Fauci's team has relied on reprogrammed dollars shuffled between government accounts, including last week's reallocation of some $34 million within the NIH by Health and Human Services Secretary Sylvia Mathews Burwell. Fauci said Burwell wanted to avoid the transfers because they will eat into research of conditions such as heart disease and cancer.

"We have to spend that money by the end of September," Fauci said. "We are going to be funding things that we're going to be doing starting in January and February. So, when you get to October, November, December, we're not going to be spending any additional money because we already put it into the contracts and the things to start."

He predicted the possibility of a funding drop-off unless Congress agrees on stopgap measures to keep federal agencies running.

"If we get a continuing resolution, we can still do what we're doing until like maybe December, and then, all of a sudden, we start to get into real trouble," Fauci said. "So, when we get to calendar year 2017, and we essentially run out of the money that we had forward funded into the areas to keep the vaccine going, we're going to be back in trouble again."

A stopgap appropriations measure that runs past Election Day would give Burwell some new spending to move around on October 1.

"The thought of that gives me a chill. It does," Fauci said when asked about further shifts. "I can tell you that would have so many negative effects _ not only negative effects on the actual conduct of research in cancer and heart disease and diabetes. It would be very demoralizing to the biomedical research community to see that."
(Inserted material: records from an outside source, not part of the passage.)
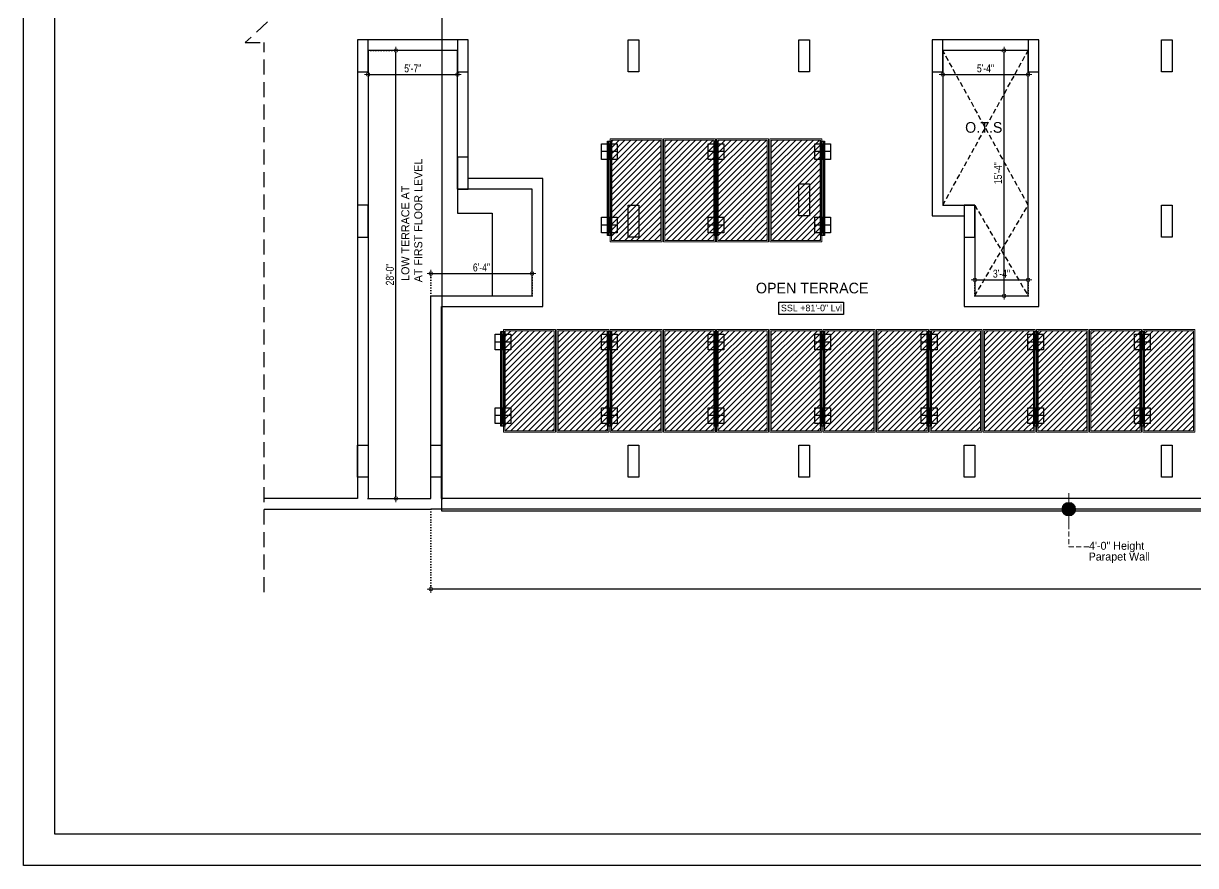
# Model space of a CAD drawing. Header units: inches. Extents: x 13 to 21264, y -72369 to -55.
# Drawn here: x 4629 to 5508, y -72369 to -71737 of the extents above; entities that cross this region are included whole.
import ezdxf

# ---------------------------------------------------------------- set-up
doc = ezdxf.new("R2010")
doc.units = ezdxf.units.IN
doc.header["$LTSCALE"] = 15
doc.header["$MEASUREMENT"] = 0
doc.header["$PDMODE"] = 34
doc.linetypes.add('DOT2', pattern=[0.125, 0, -0.125])
doc.linetypes.add('HIDDEN', pattern=[0.375, 0.25, -0.125])
doc.layers.get('0').update_dxf_attribs({"linetype": 'CONTINUOUS', "lineweight": 13})
doc.layers.get('DEFPOINTS').update_dxf_attribs({"linetype": 'CONTINUOUS', "lineweight": 13})
doc.layers.add('INNER DIM', color=30, linetype='CONTINUOUS', lineweight=13)
doc.styles.add('rob', font='')
doc.styles.add('RS', font='', dxfattribs={"width": 0.8})
doc.styles.get('rob').set_extended_font_data('Century Gothic')
doc.styles.get('RS').set_extended_font_data('Century Gothic')
doc.dimstyles.new('SECTION DIM', dxfattribs={"dimscale": 0.6, "dimtxt": 9, "dimasz": 2, "dimexe": 0, "dimexo": 0, "dimgap": 1, "dimtad": 1, "dimzin": 3, "dimdsep": 46, "dimlunit": 4, "dimtxsty": 'RS', "dimblk1": 'CUT', "dimblk2": 'CUT', "dimsah": 1, "dimcen": 0, "dimclrd": 251, "dimclre": 21, "dimclrt": 4, "dimadec": 0, "dimazin": 0, "dimtfac": 1, "dimtix": 1, "dimtofl": 0, "dimtmove": 2, "dimatfit": 3, "dimfxl": 0, "dimtolj": 1, "dimtzin": 3, "dimarcsym": 0})
doc.dimstyles.new('WORKING DIM-altura', dxfattribs={"dimscale": 0, "dimtxt": 6, "dimasz": 1.5, "dimexe": 0, "dimexo": 0, "dimgap": 2, "dimtad": 1, "dimzin": 3, "dimdsep": 46, "dimlunit": 4, "dimtxsty": 'RS', "dimblk1": 'CUT-15', "dimblk2": 'CUT-15', "dimsah": 1, "dimcen": 0, "dimclrd": 49, "dimclre": 109, "dimclrt": 41, "dimadec": 0, "dimazin": 0, "dimtfac": 0.75, "dimtix": 1, "dimtofl": 0, "dimtmove": 2, "dimatfit": 2, "dimldrblk": 'CUT-15', "dimfxl": 1, "dimtolj": 1, "dimtzin": 3, "dimlwd": -1, "dimlwe": -1, "dimarcsym": 0})

# ---------------------------------------------------------------- blocks, each defined once
blk = doc.blocks.new('CUT')
at = {"layer": 'INNER DIM', "color": 8}
blk.add_line((-1.8, 0), (1.8, 0), dxfattribs=at)
at = {"layer": 'INNER DIM', "color": 9}
blk.add_line((0, 1.8), (0, -1.8), dxfattribs=at)
blk.add_circle((0, 0), 0.9, dxfattribs=at)
blk = doc.blocks.new('*D1257')
at = {"color": 8, "linetype": 'DOT2', "lineweight": -2, "transparency": 16777216}
for p, q in [((4934.62, -72101.64), (4934.62, -72161.64)), ((7485.62, -72131.64), (7485.62, -72161.64))]:
    blk.add_line(p, q, dxfattribs=at)
at = {"color": 0, "lineweight": -2, "transparency": 16777216}
blk.add_line((7484.12, -72161.64), (4936.12, -72161.64), dxfattribs=at)
at = {"layer": 'DEFPOINTS', "color": 0, "transparency": 16777216}
for p in [(4934.62, -72101.64, 0.01), (7485.62, -72131.64), (4934.62, -72161.64)]:
    blk.add_point(p, dxfattribs=at)
at = {"color": 0, "lineweight": -2, "transparency": 16777216, "xscale": 1.5, "yscale": 1.5, "zscale": 1.5, "rotation": 180}
blk.add_blockref('CUT', (4934.62, -72161.64), dxfattribs=at)
at = {"color": 0, "lineweight": -2, "transparency": 16777216, "xscale": 1.5, "yscale": 1.5, "zscale": 1.5}
blk.add_blockref('CUT', (7485.62, -72161.64), dxfattribs=at)
at = {"color": 0, "lineweight": -2, "transparency": 16777216, "insert": (6210.12, -72156.47), "char_height": 7, "attachment_point": 5, "style": 'RS'}
blk.add_mtext('\\A1;212\'-7"', dxfattribs=at)
blk = doc.blocks.new('*D1347')
at = {"color": 21, "linetype": 'DOT2', "lineweight": -2, "transparency": 16777216}
for p, q in [((5318.62, -71757.63), (5318.62, -71775.63)), ((5382.62, -71757.63), (5382.62, -71775.63))]:
    blk.add_line(p, q, dxfattribs=at)
at = {"color": 0, "lineweight": -2, "transparency": 16777216}
blk.add_line((5320.12, -71775.63), (5381.12, -71775.63), dxfattribs=at)
at = {"layer": 'DEFPOINTS', "color": 0, "transparency": 16777216}
for p in [(5318.62, -71757.63, 0), (5382.62, -71757.63, 0), (5382.62, -71775.63)]:
    blk.add_point(p, dxfattribs=at)
at = {"color": 0, "lineweight": -2, "transparency": 16777216, "xscale": 1.5, "yscale": 1.5, "zscale": 1.5, "rotation": 180}
blk.add_blockref('CUT', (5318.62, -71775.63), dxfattribs=at)
at = {"color": 0, "lineweight": -2, "transparency": 16777216, "xscale": 1.5, "yscale": 1.5, "zscale": 1.5}
blk.add_blockref('CUT', (5382.62, -71775.63), dxfattribs=at)
at = {"color": 0, "lineweight": -2, "transparency": 16777216, "insert": (5350.62, -71771.06), "char_height": 6, "attachment_point": 5, "style": 'RS'}
blk.add_mtext('\\A1;5\'-4"', dxfattribs=at)
blk = doc.blocks.new('*D1348')
at = {"color": 21, "linetype": 'DOT2', "lineweight": -2, "transparency": 16777216}
for p, q in [((5362.62, -71757.63), (5364.62, -71757.63)), ((5362.62, -71941.64), (5364.62, -71941.64))]:
    blk.add_line(p, q, dxfattribs=at)
at = {"color": 0, "lineweight": -2, "transparency": 16777216}
blk.add_line((5364.62, -71940.14), (5364.62, -71759.13), dxfattribs=at)
at = {"layer": 'DEFPOINTS', "color": 0, "transparency": 16777216}
for p in [(5362.62, -71757.63, 0), (5364.62, -71757.63), (5362.62, -71941.64, 0)]:
    blk.add_point(p, dxfattribs=at)
at = {"color": 0, "lineweight": -2, "transparency": 16777216, "xscale": 1.5, "yscale": 1.5, "zscale": 1.5}
for p, rotation in [((5364.62, -71757.63), 90), ((5364.62, -71941.64), 270)]:
    blk.add_blockref('CUT', p, dxfattribs=dict(at, rotation=rotation))
at = {"color": 0, "lineweight": -2, "transparency": 16777216, "insert": (5360.04, -71849.64), "char_height": 6, "attachment_point": 5, "rotation": 90, "style": 'RS'}
blk.add_mtext('\\A1;15\'-4"', dxfattribs=at)
blk = doc.blocks.new('*D1349')
at = {"color": 21, "linetype": 'DOT2', "lineweight": -2, "transparency": 16777216}
for p, q in [((5342.62, -71941.64), (5342.62, -71929.64)), ((5382.62, -71941.64), (5382.62, -71929.64))]:
    blk.add_line(p, q, dxfattribs=at)
at = {"color": 0, "lineweight": -2, "transparency": 16777216}
blk.add_line((5344.12, -71929.64), (5381.12, -71929.64), dxfattribs=at)
at = {"layer": 'DEFPOINTS', "color": 0, "transparency": 16777216}
for p in [(5382.62, -71929.64), (5342.62, -71941.64, 0), (5382.62, -71941.64, 0)]:
    blk.add_point(p, dxfattribs=at)
at = {"color": 0, "lineweight": -2, "transparency": 16777216, "xscale": 1.5, "yscale": 1.5, "zscale": 1.5, "rotation": 180}
blk.add_blockref('CUT', (5342.62, -71929.64), dxfattribs=at)
at = {"color": 0, "lineweight": -2, "transparency": 16777216, "xscale": 1.5, "yscale": 1.5, "zscale": 1.5}
blk.add_blockref('CUT', (5382.62, -71929.64), dxfattribs=at)
at = {"color": 0, "lineweight": -2, "transparency": 16777216, "insert": (5362.62, -71925.06), "char_height": 6, "attachment_point": 5, "style": 'RS'}
blk.add_mtext('\\A1;3\'-4"', dxfattribs=at)
blk = doc.blocks.new('*D1357')
at = {"color": 21, "linetype": 'DOT2', "lineweight": -2, "transparency": 16777216}
for p, q in [((4887.62, -71757.63), (4887.62, -71775.62)), ((4954.62, -71757.63), (4954.62, -71775.62))]:
    blk.add_line(p, q, dxfattribs=at)
at = {"color": 0, "lineweight": -2, "transparency": 16777216}
blk.add_line((4889.12, -71775.62), (4953.12, -71775.62), dxfattribs=at)
at = {"layer": 'DEFPOINTS', "color": 0, "transparency": 16777216}
for p in [(4887.62, -71757.63, 0.01), (4954.62, -71757.63, 0.01), (4954.62, -71775.62)]:
    blk.add_point(p, dxfattribs=at)
at = {"color": 0, "lineweight": -2, "transparency": 16777216, "xscale": 1.5, "yscale": 1.5, "zscale": 1.5, "rotation": 180}
blk.add_blockref('CUT', (4887.62, -71775.62), dxfattribs=at)
at = {"color": 0, "lineweight": -2, "transparency": 16777216, "xscale": 1.5, "yscale": 1.5, "zscale": 1.5}
blk.add_blockref('CUT', (4954.62, -71775.62), dxfattribs=at)
at = {"color": 0, "lineweight": -2, "transparency": 16777216, "insert": (4921.12, -71771.05), "char_height": 6, "attachment_point": 5, "style": 'RS'}
blk.add_mtext('\\A1;5\'-7"', dxfattribs=at)
blk = doc.blocks.new('*D1358')
at = {"color": 21, "linetype": 'DOT2', "lineweight": -2, "transparency": 16777216}
for p, q in [((4934.62, -71941.64), (4934.62, -71924.96)), ((5010.62, -71941.64), (5010.62, -71924.96))]:
    blk.add_line(p, q, dxfattribs=at)
at = {"color": 0, "lineweight": -2, "transparency": 16777216}
blk.add_line((4936.12, -71924.96), (5009.12, -71924.96), dxfattribs=at)
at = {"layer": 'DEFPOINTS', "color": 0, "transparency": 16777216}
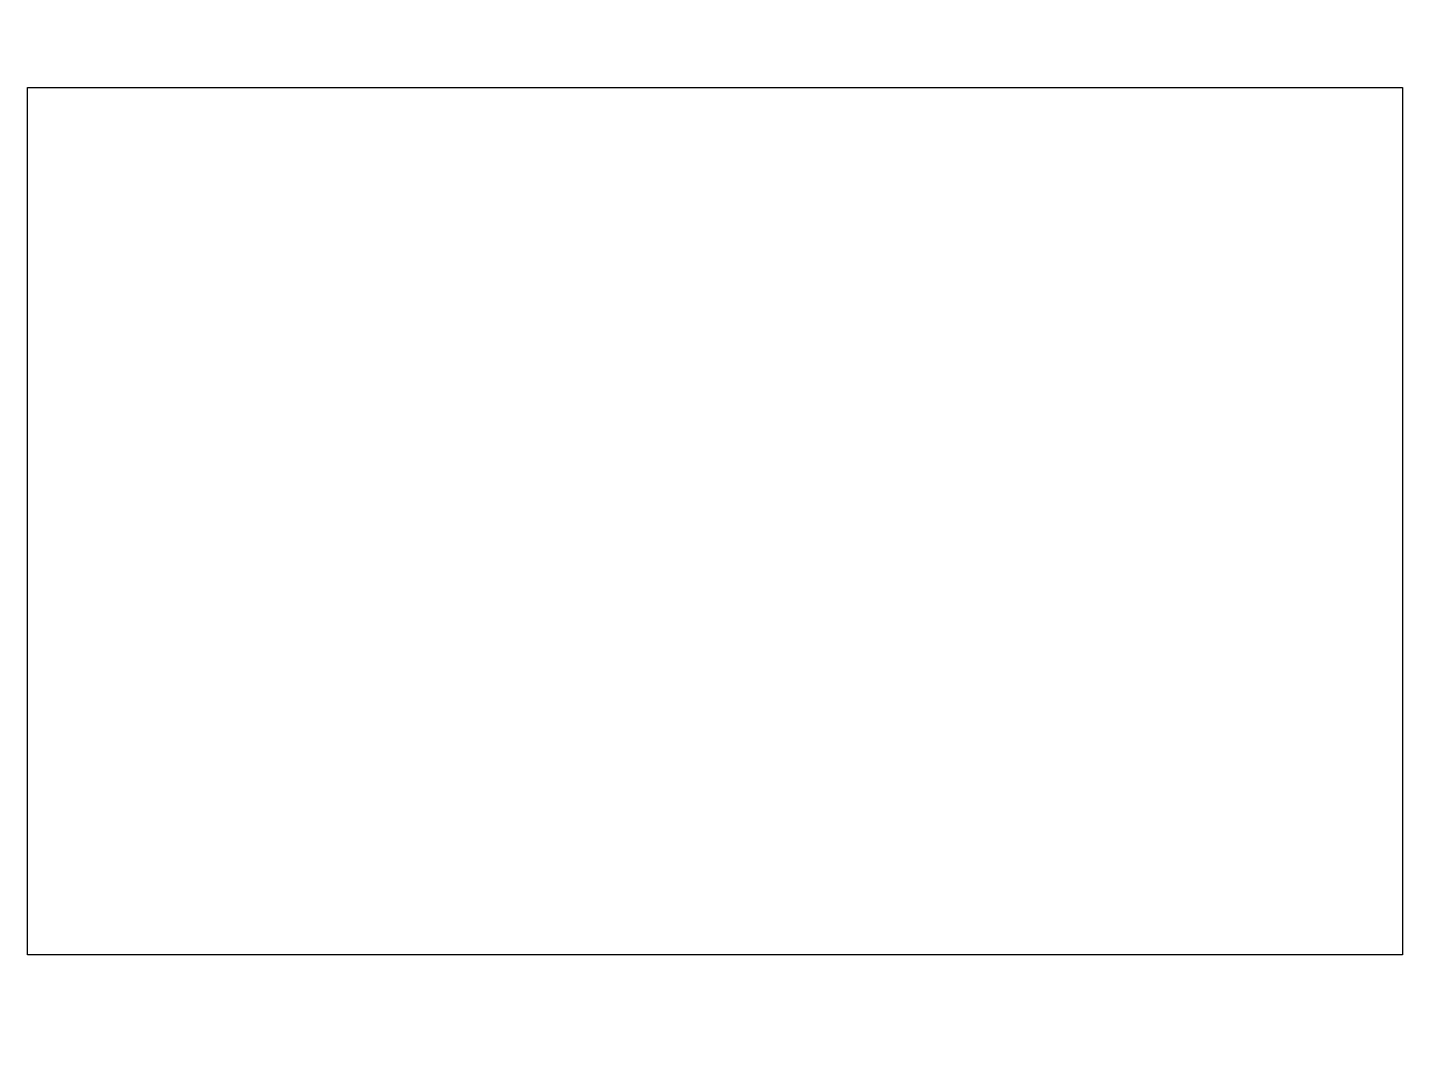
# Paper-space layout 'A3' of a CAD drawing. Header units: millimetres. Extents: x -70 to 320, y 18 to 305.
# The model-space entities are those that its viewports show. They can reach past a viewport. Long polylines and large blocks are cut down to what shows.
import ezdxf

# ---------------------------------------------------------------- set-up
doc = ezdxf.new("R2010")
doc.units = ezdxf.units.MM
doc.header["$LTSCALE"] = 10

msp = doc.modelspace()

# ---------------------------------------------------------------- linework, layer by layer
at = {"layer": 'DEFPOINTS'}
msp.add_lwpolyline([(333554, -126620.9), (333554, -129080.9), (333554, -129080.9), (333554, -129080.9), (329654.1, -129080.9), (329654.1, -126620.9), (333554, -126620.9)], dxfattribs=at)

psp = doc.layouts.new('A3')

# ---------------------------------------------------------------- linework, layer by layer
at = {"layer": 'DEFPOINTS'}
psp.add_lwpolyline([(-69.84, 288.24), (320.15, 288.24), (320.15, 42.24), (320.15, 42.24), (320.15, 42.24), (-69.84, 42.24), (-69.84, 288.24)], close=True, dxfattribs=at)

# ---------------------------------------------------------------- viewports
vp = psp.add_viewport(center=(125.15, 161.74), size=(389.99, 287), view_center_point=(331604.07, -127885.85), view_height=2870.0961, dxfattribs=at)
vp.dxf.flags = 0x10000  # cut along an outline
vp.dxf.clipping_boundary_handle = psp.add_lwpolyline([(-69.84, 288.24), (320.15, 288.24), (320.15, 42.24), (320.15, 42.24), (320.15, 42.24), (-69.84, 42.24), (-69.84, 288.24)], format="xyb", close=True, dxfattribs={"invisible": 1}).dxf.handle

doc.saveas('drawing.dxf')

Fauci told Roll Call that a large-scale Zika outbreak such as those seen in Brazil and Puerto Rico is "extremely unlikely" in the continental United States, though not impossible. He warned against complacency, given that there's an expectation of additional localized outbreaks, particularly along the Gulf Coast.

Fauci said he understood public confusion about the severity of the threat. Zika presents "relatively mild" symptoms, except in pregnant women, whose babies are vulnerable to microcephaly, a severe birth defect in which the newborn can have an abnormally small head.

"That dichotomy of a mild illness on the one hand with potentially devastating consequences on another creates a bit of confusion about how serious is that and what should we be doing about it," Fauci said. "When we start seeing the devastation of even a handful or so of babies born with microcephaly or who have congenital abnormalities, that is going to have as profound an influence on 'Did we do the right thing?' as a less severe infection that has broad dissemination, like influenza."

Fauci seemed aware it could take only a small number of cases to generate even greater media and public attention for Zika, in contrast with a condition like the flu.

"People don't get excited about influenza except when there's the threat of a pandemic," he said.

The lengthy debate over funding to combat Zika devolved into a standoff where Senate Democrats blocked a GOP proposal that would deny family planning assistance from going to groups like Planned Parenthood. In places like Florida, the fight is spilling over onto the campaign trail.

But Fauci said being on the pivot point of the summer's biggest funding fight doesn't make him feel like a politician.

"There's a lot of back-and-forth between Democrats and Republicans about how much should be funded, what the mechanism of the funding (should be). I don't get involved in that and have never gotten involved in that because I have to maintain, as I do, my credibility as a scientist," he said. "The decision about how that's going to come about, you leave it up to things that are well beyond any control I can have. I can only give the scientific information as I know it."